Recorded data
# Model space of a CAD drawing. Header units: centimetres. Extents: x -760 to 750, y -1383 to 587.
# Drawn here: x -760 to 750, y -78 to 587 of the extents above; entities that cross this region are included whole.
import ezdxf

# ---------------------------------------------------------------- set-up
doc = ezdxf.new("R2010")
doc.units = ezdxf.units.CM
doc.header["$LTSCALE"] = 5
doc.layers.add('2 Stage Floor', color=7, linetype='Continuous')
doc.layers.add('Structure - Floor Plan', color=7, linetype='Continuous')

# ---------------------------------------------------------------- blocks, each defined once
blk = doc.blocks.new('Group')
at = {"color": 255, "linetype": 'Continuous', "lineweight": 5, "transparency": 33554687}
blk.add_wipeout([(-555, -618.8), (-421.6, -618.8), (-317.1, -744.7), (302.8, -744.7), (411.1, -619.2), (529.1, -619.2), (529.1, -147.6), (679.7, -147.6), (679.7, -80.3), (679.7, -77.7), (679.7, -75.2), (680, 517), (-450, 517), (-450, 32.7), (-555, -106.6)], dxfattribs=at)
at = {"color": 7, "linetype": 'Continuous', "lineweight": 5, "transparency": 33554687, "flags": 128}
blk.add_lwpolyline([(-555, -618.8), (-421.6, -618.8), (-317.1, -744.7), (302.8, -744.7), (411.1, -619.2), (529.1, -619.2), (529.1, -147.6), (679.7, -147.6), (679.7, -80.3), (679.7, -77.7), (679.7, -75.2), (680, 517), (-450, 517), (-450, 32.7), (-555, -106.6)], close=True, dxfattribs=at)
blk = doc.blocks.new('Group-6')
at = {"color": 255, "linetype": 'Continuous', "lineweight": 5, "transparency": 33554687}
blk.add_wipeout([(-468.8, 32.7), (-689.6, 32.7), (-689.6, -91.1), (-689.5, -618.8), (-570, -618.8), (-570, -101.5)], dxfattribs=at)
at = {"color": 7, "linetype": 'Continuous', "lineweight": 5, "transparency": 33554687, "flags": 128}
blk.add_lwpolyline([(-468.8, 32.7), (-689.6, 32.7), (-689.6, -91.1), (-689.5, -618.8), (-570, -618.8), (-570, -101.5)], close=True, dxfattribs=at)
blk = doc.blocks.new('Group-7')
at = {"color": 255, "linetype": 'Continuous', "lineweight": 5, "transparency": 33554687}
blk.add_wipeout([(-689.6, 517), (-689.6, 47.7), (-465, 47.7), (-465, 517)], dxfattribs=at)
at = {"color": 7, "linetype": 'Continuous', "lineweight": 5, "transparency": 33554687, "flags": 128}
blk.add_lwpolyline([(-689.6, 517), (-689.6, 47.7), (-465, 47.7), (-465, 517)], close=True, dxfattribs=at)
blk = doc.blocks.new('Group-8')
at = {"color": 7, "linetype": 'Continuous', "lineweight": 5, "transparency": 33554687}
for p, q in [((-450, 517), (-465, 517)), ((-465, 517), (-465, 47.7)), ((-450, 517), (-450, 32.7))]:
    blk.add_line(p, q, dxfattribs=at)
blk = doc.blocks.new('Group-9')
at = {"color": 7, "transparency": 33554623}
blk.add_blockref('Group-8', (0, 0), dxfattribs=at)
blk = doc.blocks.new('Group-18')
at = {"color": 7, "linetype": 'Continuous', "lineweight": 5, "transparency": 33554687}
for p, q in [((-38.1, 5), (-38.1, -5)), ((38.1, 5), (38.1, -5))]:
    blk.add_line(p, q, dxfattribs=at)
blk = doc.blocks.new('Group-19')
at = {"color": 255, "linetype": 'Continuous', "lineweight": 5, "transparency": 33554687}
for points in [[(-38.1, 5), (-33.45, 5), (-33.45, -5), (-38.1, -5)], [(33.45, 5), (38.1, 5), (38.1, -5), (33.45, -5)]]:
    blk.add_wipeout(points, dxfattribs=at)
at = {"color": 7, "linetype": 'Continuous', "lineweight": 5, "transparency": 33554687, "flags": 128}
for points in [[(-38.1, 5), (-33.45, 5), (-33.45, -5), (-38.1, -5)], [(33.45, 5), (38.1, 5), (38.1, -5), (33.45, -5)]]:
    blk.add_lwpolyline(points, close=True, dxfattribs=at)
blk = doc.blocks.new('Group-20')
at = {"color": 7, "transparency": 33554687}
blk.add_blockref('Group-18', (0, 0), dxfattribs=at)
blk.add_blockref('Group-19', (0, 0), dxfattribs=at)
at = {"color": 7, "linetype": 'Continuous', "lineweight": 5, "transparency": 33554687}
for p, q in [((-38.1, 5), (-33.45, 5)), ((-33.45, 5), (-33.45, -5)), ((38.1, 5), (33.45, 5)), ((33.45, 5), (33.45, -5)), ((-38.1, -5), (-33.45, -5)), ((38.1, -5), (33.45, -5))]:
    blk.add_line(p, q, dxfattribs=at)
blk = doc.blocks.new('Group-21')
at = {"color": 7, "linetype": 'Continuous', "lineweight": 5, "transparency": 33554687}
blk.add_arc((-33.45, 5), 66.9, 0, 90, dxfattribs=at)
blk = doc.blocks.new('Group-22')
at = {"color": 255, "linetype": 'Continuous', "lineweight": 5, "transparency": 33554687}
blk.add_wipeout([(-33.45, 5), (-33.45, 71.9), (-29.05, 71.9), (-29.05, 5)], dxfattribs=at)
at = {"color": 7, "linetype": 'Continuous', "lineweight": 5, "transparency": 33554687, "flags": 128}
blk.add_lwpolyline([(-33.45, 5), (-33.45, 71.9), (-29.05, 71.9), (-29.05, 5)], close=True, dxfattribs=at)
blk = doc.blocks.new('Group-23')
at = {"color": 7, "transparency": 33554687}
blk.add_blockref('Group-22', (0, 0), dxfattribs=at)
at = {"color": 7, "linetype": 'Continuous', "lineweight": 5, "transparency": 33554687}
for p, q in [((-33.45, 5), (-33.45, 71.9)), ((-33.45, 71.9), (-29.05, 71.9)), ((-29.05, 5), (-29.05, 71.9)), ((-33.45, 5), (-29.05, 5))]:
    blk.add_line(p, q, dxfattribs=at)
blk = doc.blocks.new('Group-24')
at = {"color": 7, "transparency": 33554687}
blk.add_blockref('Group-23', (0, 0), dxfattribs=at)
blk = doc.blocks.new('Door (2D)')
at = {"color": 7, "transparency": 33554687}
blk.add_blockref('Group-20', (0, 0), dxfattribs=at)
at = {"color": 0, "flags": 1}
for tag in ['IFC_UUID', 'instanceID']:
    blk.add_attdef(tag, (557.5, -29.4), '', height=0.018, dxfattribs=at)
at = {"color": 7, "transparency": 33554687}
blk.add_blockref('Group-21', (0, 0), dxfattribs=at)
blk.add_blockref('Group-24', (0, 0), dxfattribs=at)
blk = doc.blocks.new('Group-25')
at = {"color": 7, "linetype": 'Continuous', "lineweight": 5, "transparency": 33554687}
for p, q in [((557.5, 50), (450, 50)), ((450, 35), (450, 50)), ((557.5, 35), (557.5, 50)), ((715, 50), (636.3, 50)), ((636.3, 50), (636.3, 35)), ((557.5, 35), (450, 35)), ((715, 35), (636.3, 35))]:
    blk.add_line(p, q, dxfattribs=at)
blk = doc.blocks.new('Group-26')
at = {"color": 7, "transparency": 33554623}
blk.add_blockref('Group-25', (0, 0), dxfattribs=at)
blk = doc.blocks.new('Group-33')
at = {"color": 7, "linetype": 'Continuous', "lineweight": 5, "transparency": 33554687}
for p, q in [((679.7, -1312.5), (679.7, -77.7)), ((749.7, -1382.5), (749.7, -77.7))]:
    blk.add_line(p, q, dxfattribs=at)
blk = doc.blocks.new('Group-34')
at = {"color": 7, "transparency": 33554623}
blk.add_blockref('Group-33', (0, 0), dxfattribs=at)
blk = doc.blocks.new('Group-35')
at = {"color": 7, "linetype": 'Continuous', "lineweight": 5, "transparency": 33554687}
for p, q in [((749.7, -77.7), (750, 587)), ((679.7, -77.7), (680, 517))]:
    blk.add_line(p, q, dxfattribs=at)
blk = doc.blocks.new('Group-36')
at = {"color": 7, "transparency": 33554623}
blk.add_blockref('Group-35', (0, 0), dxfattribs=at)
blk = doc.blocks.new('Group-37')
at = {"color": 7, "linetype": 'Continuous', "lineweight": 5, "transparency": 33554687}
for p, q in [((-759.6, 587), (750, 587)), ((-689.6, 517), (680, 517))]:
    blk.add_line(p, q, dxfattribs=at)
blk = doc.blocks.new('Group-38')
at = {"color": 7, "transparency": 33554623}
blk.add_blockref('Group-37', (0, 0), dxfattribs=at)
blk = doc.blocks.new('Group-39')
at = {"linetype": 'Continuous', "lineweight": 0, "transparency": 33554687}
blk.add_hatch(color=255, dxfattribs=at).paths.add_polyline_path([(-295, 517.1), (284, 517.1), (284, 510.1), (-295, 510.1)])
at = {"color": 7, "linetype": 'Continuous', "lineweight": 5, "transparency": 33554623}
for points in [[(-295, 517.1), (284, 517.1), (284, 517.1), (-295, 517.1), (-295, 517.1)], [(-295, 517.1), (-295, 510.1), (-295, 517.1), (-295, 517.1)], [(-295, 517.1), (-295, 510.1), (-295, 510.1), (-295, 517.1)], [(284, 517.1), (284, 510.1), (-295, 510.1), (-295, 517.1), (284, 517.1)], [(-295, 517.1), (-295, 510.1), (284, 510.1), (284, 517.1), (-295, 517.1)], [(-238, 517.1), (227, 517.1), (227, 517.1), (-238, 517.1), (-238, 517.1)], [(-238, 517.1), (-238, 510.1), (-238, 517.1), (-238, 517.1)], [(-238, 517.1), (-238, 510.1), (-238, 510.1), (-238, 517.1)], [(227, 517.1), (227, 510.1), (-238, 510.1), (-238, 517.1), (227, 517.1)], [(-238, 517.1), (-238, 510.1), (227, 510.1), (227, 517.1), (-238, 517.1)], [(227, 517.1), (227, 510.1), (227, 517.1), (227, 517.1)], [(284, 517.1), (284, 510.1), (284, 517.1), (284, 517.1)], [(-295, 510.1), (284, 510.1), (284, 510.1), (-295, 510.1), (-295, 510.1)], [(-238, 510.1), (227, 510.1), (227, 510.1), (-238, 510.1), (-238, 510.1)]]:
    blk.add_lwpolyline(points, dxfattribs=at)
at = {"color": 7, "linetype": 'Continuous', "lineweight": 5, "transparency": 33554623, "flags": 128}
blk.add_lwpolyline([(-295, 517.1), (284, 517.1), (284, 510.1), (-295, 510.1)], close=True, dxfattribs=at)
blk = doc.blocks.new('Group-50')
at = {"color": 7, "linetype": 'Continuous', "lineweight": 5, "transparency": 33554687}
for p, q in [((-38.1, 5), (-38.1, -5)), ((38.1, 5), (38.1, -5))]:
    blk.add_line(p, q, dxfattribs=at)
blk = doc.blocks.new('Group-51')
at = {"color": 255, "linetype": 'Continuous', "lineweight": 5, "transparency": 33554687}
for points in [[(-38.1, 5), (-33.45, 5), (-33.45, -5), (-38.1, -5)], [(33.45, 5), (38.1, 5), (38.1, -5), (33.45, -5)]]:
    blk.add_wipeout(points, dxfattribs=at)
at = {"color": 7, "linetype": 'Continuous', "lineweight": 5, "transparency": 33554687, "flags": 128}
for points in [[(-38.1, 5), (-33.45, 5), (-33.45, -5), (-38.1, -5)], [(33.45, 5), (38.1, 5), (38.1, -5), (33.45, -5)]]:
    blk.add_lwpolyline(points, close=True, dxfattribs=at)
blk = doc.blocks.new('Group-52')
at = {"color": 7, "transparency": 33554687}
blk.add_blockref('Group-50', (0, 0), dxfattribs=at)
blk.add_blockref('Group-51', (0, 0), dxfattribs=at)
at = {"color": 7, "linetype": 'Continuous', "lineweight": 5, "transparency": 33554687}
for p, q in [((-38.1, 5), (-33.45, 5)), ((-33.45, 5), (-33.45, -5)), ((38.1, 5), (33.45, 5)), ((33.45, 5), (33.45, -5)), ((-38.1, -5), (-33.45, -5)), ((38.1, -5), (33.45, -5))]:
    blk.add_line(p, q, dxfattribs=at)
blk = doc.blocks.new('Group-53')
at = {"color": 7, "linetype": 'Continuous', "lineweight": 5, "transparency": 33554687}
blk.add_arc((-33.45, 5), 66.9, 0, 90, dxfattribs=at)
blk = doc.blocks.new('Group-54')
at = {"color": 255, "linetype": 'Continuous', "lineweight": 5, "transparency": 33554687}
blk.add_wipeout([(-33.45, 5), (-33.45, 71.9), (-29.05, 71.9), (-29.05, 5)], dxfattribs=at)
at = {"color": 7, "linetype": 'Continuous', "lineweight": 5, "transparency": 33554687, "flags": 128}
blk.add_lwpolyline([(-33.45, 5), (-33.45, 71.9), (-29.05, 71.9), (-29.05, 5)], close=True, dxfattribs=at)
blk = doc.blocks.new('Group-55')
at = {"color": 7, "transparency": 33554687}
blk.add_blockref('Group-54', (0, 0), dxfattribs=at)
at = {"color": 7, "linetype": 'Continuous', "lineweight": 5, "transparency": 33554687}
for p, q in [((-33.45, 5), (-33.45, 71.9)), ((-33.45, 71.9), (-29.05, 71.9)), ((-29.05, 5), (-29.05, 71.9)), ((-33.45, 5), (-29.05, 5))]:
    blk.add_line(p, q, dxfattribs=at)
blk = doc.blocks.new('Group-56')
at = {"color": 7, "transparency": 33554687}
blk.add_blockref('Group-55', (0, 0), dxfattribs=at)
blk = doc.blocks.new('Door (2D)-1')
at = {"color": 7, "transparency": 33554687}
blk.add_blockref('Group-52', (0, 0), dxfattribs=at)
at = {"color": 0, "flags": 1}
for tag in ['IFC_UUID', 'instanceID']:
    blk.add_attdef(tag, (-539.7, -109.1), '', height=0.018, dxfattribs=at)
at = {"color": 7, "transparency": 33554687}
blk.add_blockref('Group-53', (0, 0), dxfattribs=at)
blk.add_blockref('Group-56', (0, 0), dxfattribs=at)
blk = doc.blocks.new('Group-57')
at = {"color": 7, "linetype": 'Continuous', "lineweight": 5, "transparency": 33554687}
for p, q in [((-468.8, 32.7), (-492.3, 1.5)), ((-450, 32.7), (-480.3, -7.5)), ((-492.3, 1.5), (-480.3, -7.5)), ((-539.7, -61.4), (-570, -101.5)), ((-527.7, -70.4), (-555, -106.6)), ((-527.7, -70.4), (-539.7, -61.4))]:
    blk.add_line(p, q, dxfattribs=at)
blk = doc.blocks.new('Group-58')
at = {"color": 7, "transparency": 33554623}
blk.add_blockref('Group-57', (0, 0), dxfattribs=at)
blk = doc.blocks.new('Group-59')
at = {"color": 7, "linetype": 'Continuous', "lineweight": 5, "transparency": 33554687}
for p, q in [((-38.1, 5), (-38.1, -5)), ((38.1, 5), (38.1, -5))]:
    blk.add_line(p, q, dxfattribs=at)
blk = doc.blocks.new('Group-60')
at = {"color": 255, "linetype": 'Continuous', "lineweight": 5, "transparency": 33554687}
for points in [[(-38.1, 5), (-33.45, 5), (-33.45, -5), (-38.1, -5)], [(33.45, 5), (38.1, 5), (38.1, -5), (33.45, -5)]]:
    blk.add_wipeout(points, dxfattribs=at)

→ **Task item**
Count the lines of the data that include the string "units", and give only that number.

→ **Response area**
2